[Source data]
___

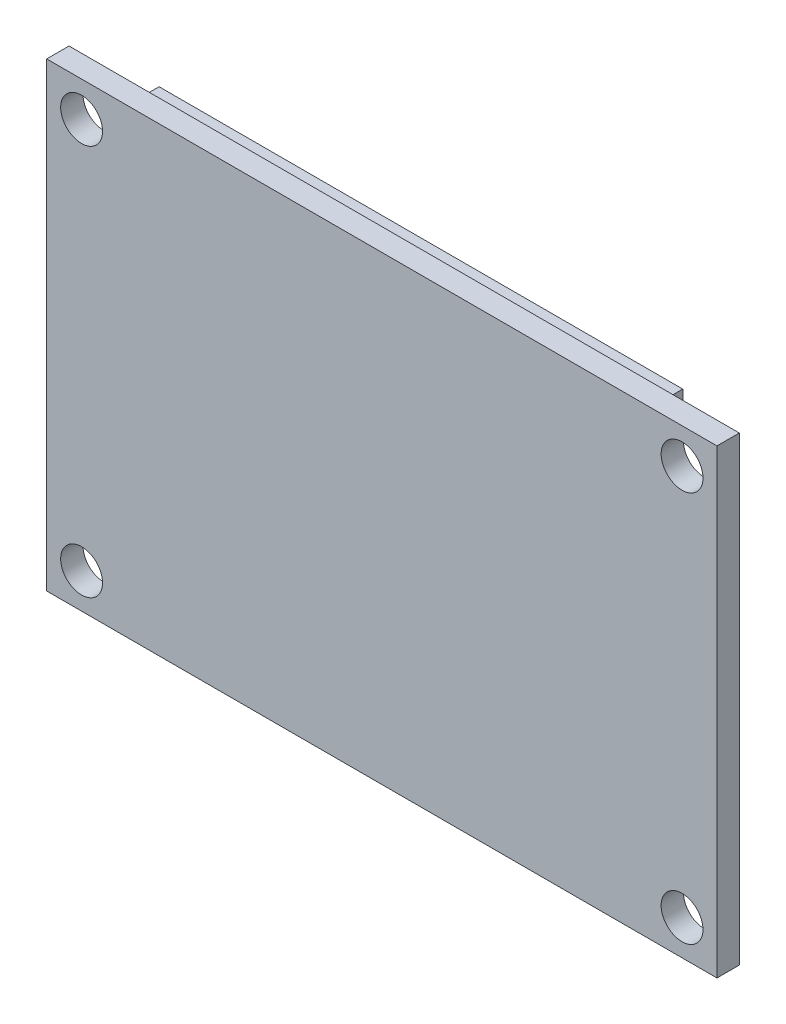
SolidWorks part; units mm, degrees
ref_plane "Plan de face" through (0, 0, 0) normal (0, 0, 1) x (1, 0, 0)
ref_plane "Plan de dessus" through (0, 0, 0) normal (0, 1, 0) x (1, 0, 0)
ref_plane "Plan de droite" through (0, 0, 0) normal (1, 0, 0) x (0, 0, -1)
sketch "BASE PCB" plane through (0, 0, 0) normal (0, 0, 1) x (1, 0, 0)
  line L0 (0, -18.15) -> (0, 18.15) construction
  line L1 (24, 16.5) -> (-24, 16.5)
  line L2 (24, 16.5) -> (24, -16.5)
  line L3 (24, -16.5) -> (-24, -16.5)
  line L4 (-24, 16.5) -> (-24, -16.5)
  line L5 (24, 16.5) -> (-24, -16.5) construction
  line L6 (24, -16.5) -> (-24, 16.5) construction
  line L8 (24, 10) -> (18, 10) construction
  line L9 (24, 10) -> (24, -10) construction
  line L10 (24, -10) -> (18, -10) construction
  line L11 (18, 10) -> (18, -10) construction
  circle A0 centre (-21.5, 14) radius 1.5
  circle A1 centre (-21.5, -14) radius 1.5
  circle A2 centre (21.5, -14) radius 1.5
  circle A3 centre (21.5, 14) radius 1.5
  point P0 (0, 0)
  point P10 (24, 0)
  point P21 (24, 0)
  dimension "D3" = 3
  dimension "D4" = 2.5
  dimension "D1" = 48
  dimension "D2" = 33
  dimension "D5" = 2.5
  dimension "D6" = 2.5
  dimension "D7" = 6
  dimension "D8" = 20
extrude "Boss.-Extru.1" add sketch "BASE PCB" along normal blind 1.6
sketch "Esquisse4" plane through (0, 0, 0) normal (0, 0, 1) x (1, 0, 0)
  line L1 (18.75, 16) -> (-18.75, 16)
  line L2 (18.75, 16) -> (18.75, -16)
  line L3 (18.75, -16) -> (-18.75, -16)
  line L4 (-18.75, 16) -> (-18.75, -16)
  line L5 (18.75, 16) -> (-18.75, -16) construction
  line L6 (18.75, -16) -> (-18.75, 16) construction
  point P0 (0, 0)
  dimension "D1" = 32
  dimension "D2" = 37.5
extrude "Boss.-Extru.2" add sketch "Esquisse4" against normal blind 1.2
sketch "Esquisse5" plane through (0, 0, -1.2) normal (0, 0, -1) x (-1, 0, 0)
  line L1 (-16.75, -13.8) -> (10.85, -13.8)
  line L2 (-16.75, -13.8) -> (-16.75, 13.8)
  line L3 (-16.75, 13.8) -> (10.85, 13.8)
  line L4 (10.85, -13.8) -> (10.85, 13.8)
  line L7 (-18.75, -16) -> (-18.75, 16) construction
  point P6 (10.85, 0)
  dimension "D1" = 27.6
  dimension "D2" = 2
extrude "Enlèv. mat.-Extru.2" cut sketch "Esquisse5" against normal blind 0.5

___

▸ EXERCISE BRIEF
What you return must be the entries above, exactly as they appear, without any pictures.

▸ ANSWER SPACE
SolidWorks part; units mm, degrees
ref_plane "Plan de face" through (0, 0, 0) normal (0, 0, 1) x (1, 0, 0)
ref_plane "Plan de dessus" through (0, 0, 0) normal (0, 1, 0) x (1, 0, 0)
ref_plane "Plan de droite" through (0, 0, 0) normal (1, 0, 0) x (0, 0, -1)
sketch "BASE PCB" plane through (0, 0, 0) normal (0, 0, 1) x (1, 0, 0)
  line L0 (0, -18.15) -> (0, 18.15) construction
  line L1 (24, 16.5) -> (-24, 16.5)
  line L2 (24, 16.5) -> (24, -16.5)
  line L3 (24, -16.5) -> (-24, -16.5)
  line L4 (-24, 16.5) -> (-24, -16.5)
  line L5 (24, 16.5) -> (-24, -16.5) construction
  line L6 (24, -16.5) -> (-24, 16.5) construction
  line L8 (24, 10) -> (18, 10) construction
  line L9 (24, 10) -> (24, -10) construction
  line L10 (24, -10) -> (18, -10) construction
  line L11 (18, 10) -> (18, -10) construction
  circle A0 centre (-21.5, 14) radius 1.5
  circle A1 centre (-21.5, -14) radius 1.5
  circle A2 centre (21.5, -14) radius 1.5
  circle A3 centre (21.5, 14) radius 1.5
  point P0 (0, 0)
  point P10 (24, 0)
  point P21 (24, 0)
  dimension "D3" = 3
  dimension "D4" = 2.5
  dimension "D1" = 48
  dimension "D2" = 33
  dimension "D5" = 2.5
  dimension "D6" = 2.5
  dimension "D7" = 6
  dimension "D8" = 20
extrude "Boss.-Extru.1" add sketch "BASE PCB" along normal blind 1.6
sketch "Esquisse4" plane through (0, 0, 0) normal (0, 0, 1) x (1, 0, 0)
  line L1 (18.75, 16) -> (-18.75, 16)
  line L2 (18.75, 16) -> (18.75, -16)
  line L3 (18.75, -16) -> (-18.75, -16)
  line L4 (-18.75, 16) -> (-18.75, -16)
  line L5 (18.75, 16) -> (-18.75, -16) construction
  line L6 (18.75, -16) -> (-18.75, 16) construction
  point P0 (0, 0)
  dimension "D1" = 32
  dimension "D2" = 37.5
extrude "Boss.-Extru.2" add sketch "Esquisse4" against normal blind 1.2
sketch "Esquisse5" plane through (0, 0, -1.2) normal (0, 0, -1) x (-1, 0, 0)
  line L1 (-16.75, -13.8) -> (10.85, -13.8)
  line L2 (-16.75, -13.8) -> (-16.75, 13.8)
  line L3 (-16.75, 13.8) -> (10.85, 13.8)
  line L4 (10.85, -13.8) -> (10.85, 13.8)
  line L7 (-18.75, -16) -> (-18.75, 16) construction
  point P6 (10.85, 0)
  dimension "D1" = 27.6
  dimension "D2" = 2
extrude "Enlèv. mat.-Extru.2" cut sketch "Esquisse5" against normal blind 0.5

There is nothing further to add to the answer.